[Collection entries]
****************************************

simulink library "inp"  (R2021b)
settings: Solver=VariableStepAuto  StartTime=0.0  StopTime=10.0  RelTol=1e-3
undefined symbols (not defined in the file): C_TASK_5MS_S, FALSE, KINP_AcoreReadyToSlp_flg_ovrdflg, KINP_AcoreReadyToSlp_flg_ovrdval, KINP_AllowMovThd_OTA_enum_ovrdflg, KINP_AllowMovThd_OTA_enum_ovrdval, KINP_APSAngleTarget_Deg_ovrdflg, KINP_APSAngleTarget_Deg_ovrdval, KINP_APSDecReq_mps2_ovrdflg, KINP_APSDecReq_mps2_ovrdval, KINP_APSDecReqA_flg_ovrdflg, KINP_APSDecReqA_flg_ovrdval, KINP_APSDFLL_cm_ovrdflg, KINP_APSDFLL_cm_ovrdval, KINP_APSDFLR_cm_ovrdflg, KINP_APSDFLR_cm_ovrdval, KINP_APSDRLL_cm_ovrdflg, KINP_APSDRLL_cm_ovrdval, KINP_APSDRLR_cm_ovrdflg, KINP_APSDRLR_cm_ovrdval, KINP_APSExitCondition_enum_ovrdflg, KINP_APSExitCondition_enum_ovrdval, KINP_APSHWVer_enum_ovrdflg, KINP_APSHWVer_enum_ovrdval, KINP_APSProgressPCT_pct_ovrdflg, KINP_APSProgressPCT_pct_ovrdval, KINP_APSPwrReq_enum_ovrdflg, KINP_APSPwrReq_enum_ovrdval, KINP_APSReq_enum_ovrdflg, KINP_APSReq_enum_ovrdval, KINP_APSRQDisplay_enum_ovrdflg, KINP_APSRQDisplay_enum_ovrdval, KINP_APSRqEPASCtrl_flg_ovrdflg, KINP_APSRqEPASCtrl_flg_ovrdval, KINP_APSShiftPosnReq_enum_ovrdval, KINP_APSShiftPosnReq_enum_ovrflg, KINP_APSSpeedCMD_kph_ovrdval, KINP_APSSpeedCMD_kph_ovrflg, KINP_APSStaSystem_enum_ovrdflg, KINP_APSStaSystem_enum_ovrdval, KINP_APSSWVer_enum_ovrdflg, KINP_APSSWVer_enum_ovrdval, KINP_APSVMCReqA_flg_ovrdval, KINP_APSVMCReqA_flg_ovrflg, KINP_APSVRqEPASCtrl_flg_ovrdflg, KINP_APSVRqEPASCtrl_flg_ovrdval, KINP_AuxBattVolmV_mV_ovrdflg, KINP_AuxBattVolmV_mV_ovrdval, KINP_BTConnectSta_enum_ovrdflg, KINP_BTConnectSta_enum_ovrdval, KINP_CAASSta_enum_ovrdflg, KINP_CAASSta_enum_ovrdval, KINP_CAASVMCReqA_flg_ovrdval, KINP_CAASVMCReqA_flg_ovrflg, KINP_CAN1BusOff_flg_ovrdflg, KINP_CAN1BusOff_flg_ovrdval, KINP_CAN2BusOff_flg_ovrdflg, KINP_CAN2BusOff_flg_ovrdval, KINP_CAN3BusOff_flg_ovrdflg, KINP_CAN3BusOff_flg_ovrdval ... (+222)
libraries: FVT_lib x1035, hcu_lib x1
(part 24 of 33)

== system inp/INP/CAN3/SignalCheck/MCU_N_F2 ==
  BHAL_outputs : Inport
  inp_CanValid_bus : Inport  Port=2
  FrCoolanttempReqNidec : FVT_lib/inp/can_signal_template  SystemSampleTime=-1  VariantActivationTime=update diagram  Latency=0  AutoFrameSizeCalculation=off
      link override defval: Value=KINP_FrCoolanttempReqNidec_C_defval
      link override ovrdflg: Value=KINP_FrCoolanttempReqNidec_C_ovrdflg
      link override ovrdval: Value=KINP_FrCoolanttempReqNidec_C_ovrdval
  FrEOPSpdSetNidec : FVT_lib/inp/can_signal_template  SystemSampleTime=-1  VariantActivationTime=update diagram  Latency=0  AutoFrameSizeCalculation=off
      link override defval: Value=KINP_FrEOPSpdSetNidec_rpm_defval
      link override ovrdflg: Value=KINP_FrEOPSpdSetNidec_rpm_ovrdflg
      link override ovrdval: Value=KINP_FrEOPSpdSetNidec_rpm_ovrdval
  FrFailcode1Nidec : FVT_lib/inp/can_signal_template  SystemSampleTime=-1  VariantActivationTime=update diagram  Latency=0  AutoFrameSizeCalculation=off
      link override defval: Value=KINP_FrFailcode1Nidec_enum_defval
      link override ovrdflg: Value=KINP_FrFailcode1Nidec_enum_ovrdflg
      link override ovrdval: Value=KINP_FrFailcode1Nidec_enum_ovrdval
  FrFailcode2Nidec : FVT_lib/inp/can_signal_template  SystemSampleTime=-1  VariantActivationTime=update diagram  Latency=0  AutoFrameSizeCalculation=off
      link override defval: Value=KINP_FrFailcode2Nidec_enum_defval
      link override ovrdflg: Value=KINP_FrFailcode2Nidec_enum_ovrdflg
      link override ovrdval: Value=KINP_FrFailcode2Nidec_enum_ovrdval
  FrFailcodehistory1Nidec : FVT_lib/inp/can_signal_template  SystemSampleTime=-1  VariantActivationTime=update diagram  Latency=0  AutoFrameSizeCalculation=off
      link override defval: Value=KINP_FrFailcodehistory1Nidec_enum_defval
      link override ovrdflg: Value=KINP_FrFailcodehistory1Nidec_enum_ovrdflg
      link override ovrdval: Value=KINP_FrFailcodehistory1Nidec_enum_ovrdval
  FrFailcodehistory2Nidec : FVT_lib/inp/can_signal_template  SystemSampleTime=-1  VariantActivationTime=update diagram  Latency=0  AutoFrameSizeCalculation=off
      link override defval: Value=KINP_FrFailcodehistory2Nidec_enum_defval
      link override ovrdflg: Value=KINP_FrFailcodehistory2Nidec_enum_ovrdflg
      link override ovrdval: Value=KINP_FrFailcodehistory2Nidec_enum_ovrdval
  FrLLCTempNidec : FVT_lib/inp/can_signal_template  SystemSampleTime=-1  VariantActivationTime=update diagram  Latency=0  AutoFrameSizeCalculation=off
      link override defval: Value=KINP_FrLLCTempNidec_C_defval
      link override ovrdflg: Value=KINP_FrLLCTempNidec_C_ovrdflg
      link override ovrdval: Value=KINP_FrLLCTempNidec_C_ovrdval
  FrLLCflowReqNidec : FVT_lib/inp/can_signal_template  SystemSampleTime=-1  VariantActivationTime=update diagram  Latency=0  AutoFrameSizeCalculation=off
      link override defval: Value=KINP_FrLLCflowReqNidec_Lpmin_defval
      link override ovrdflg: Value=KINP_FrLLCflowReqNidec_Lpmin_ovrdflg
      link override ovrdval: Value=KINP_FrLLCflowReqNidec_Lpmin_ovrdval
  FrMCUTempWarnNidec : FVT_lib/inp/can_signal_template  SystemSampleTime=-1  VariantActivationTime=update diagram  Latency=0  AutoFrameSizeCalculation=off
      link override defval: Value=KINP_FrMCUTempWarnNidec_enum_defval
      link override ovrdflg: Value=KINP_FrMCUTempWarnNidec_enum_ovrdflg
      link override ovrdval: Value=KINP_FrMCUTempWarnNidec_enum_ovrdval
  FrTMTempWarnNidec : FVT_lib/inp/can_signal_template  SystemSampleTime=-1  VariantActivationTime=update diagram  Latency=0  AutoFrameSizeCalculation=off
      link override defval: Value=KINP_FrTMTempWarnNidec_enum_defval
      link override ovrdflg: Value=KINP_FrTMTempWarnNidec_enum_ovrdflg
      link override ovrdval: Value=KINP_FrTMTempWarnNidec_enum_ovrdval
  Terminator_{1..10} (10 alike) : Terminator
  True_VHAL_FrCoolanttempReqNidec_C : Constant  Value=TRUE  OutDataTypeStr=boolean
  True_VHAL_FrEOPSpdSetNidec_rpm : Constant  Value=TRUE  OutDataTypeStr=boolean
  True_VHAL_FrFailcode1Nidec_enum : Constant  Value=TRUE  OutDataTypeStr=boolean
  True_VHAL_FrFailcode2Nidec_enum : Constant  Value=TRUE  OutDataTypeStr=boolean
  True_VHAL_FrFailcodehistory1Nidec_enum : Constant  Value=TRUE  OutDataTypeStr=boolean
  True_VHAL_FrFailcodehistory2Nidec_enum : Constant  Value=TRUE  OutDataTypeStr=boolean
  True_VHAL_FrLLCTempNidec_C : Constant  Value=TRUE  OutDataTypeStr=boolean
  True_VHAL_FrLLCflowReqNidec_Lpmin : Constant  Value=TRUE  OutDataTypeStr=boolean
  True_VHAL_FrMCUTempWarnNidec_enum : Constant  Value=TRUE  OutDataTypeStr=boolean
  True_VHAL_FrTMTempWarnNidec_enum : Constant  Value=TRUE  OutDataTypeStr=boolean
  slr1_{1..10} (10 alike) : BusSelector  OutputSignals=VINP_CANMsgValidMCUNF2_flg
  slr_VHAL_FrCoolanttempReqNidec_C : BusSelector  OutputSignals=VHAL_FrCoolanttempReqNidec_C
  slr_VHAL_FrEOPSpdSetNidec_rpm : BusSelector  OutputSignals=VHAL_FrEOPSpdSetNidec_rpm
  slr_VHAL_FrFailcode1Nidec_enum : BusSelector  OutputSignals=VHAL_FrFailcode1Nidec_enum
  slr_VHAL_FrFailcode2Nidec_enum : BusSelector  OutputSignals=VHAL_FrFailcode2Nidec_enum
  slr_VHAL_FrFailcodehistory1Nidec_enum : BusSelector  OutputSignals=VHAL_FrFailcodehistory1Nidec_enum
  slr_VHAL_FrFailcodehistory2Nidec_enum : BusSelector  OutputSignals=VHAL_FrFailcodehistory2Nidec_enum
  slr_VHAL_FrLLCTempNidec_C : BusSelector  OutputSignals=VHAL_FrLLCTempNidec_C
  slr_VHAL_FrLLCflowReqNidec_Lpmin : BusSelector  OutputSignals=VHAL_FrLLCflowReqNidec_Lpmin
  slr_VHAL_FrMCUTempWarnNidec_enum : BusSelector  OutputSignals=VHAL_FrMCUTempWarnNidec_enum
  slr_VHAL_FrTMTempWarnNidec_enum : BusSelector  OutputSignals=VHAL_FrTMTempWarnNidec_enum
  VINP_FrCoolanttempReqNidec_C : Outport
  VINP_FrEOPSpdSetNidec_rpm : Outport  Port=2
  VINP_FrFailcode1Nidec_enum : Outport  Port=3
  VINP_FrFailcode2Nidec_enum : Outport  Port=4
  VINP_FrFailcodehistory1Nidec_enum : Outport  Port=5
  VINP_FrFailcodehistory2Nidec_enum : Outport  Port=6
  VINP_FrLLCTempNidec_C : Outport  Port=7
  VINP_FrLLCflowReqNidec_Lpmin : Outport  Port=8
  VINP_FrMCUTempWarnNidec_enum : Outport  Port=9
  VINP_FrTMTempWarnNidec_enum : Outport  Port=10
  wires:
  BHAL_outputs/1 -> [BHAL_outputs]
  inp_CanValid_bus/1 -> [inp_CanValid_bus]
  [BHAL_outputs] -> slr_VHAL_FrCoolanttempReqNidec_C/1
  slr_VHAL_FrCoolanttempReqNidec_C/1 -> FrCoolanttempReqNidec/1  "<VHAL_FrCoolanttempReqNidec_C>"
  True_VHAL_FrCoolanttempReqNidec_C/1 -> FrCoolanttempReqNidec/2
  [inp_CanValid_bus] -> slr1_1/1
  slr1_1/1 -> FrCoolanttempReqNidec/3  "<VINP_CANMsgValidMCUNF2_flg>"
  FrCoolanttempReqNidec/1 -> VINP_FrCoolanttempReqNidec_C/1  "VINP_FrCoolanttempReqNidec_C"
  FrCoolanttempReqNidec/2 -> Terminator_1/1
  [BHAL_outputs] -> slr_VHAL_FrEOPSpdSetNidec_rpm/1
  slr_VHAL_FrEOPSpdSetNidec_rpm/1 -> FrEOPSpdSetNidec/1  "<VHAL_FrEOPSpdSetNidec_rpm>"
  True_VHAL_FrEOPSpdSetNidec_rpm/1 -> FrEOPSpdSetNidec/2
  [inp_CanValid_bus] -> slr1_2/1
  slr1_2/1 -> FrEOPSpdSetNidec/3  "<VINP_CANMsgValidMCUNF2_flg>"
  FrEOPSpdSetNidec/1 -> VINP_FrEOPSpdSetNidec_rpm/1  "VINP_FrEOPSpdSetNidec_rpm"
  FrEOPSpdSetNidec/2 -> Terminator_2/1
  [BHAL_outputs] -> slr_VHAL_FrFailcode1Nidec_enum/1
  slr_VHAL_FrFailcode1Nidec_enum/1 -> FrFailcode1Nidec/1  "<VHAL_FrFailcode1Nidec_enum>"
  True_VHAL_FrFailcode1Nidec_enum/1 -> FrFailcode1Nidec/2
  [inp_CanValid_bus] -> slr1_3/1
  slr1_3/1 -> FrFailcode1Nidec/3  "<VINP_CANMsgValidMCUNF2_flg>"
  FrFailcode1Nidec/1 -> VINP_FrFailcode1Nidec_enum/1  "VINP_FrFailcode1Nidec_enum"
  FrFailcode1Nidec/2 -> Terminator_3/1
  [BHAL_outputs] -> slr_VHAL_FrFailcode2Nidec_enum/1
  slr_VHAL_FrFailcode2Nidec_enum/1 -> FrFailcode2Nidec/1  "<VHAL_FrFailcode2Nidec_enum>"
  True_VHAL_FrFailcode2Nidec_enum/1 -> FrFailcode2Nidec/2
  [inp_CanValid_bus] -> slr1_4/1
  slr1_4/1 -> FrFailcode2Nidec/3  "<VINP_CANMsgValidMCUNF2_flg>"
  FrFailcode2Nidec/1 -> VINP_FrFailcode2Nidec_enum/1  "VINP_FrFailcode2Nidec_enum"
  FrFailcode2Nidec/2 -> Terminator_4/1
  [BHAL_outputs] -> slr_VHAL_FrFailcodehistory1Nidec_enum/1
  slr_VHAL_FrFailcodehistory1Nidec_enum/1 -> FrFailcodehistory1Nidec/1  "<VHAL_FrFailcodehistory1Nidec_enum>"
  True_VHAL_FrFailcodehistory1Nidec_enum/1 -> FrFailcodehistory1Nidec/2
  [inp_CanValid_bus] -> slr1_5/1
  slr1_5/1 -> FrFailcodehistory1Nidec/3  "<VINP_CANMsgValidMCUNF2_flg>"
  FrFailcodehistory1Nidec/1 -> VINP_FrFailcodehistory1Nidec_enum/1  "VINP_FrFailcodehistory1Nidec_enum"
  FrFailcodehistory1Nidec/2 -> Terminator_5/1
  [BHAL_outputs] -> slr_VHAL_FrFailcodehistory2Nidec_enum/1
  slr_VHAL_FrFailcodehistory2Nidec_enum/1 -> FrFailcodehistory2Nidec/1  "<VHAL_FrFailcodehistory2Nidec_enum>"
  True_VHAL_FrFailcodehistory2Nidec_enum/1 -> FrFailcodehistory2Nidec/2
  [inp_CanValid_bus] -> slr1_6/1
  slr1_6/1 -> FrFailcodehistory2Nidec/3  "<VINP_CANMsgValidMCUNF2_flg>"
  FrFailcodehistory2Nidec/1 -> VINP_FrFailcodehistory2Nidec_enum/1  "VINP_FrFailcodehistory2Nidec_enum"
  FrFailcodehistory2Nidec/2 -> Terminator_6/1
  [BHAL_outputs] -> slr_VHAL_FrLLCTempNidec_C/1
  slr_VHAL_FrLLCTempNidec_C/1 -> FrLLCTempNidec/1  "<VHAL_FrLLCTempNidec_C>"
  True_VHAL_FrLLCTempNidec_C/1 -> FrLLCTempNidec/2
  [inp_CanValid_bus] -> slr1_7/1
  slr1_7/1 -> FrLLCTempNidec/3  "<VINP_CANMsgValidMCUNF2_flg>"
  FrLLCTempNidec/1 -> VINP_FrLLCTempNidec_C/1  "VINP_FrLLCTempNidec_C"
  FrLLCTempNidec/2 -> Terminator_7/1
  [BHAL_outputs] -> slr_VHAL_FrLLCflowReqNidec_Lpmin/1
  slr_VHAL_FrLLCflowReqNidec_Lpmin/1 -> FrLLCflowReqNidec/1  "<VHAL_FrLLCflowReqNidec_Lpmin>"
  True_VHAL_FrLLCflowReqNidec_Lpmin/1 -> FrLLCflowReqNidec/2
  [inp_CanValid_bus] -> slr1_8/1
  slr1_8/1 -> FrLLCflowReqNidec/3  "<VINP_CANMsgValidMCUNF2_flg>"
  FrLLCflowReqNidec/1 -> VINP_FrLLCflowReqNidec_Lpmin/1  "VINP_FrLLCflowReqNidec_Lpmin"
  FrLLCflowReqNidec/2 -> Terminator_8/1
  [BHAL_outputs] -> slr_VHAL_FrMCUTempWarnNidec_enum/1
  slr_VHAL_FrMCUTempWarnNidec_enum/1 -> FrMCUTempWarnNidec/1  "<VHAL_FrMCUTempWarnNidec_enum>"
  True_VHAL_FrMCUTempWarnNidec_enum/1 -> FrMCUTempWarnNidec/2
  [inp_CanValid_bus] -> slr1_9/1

****************************************

> Problem to work on
Only one stretch of the entries above is wanted: the lines from the one containing "FrCoolanttempReqNidec/2 -> Terminator_1/1" through the one containing "[BHAL_outputs] -> slr_VHAL_FrFailcode2Nidec_enum/1". Please reproduce it exactly.

> The completed task
  FrCoolanttempReqNidec/2 -> Terminator_1/1
  [BHAL_outputs] -> slr_VHAL_FrEOPSpdSetNidec_rpm/1
  slr_VHAL_FrEOPSpdSetNidec_rpm/1 -> FrEOPSpdSetNidec/1  "<VHAL_FrEOPSpdSetNidec_rpm>"
  True_VHAL_FrEOPSpdSetNidec_rpm/1 -> FrEOPSpdSetNidec/2
  [inp_CanValid_bus] -> slr1_2/1
  slr1_2/1 -> FrEOPSpdSetNidec/3  "<VINP_CANMsgValidMCUNF2_flg>"
  FrEOPSpdSetNidec/1 -> VINP_FrEOPSpdSetNidec_rpm/1  "VINP_FrEOPSpdSetNidec_rpm"
  FrEOPSpdSetNidec/2 -> Terminator_2/1
  [BHAL_outputs] -> slr_VHAL_FrFailcode1Nidec_enum/1
  slr_VHAL_FrFailcode1Nidec_enum/1 -> FrFailcode1Nidec/1  "<VHAL_FrFailcode1Nidec_enum>"
  True_VHAL_FrFailcode1Nidec_enum/1 -> FrFailcode1Nidec/2
  [inp_CanValid_bus] -> slr1_3/1
  slr1_3/1 -> FrFailcode1Nidec/3  "<VINP_CANMsgValidMCUNF2_flg>"
  FrFailcode1Nidec/1 -> VINP_FrFailcode1Nidec_enum/1  "VINP_FrFailcode1Nidec_enum"
  FrFailcode1Nidec/2 -> Terminator_3/1
  [BHAL_outputs] -> slr_VHAL_FrFailcode2Nidec_enum/1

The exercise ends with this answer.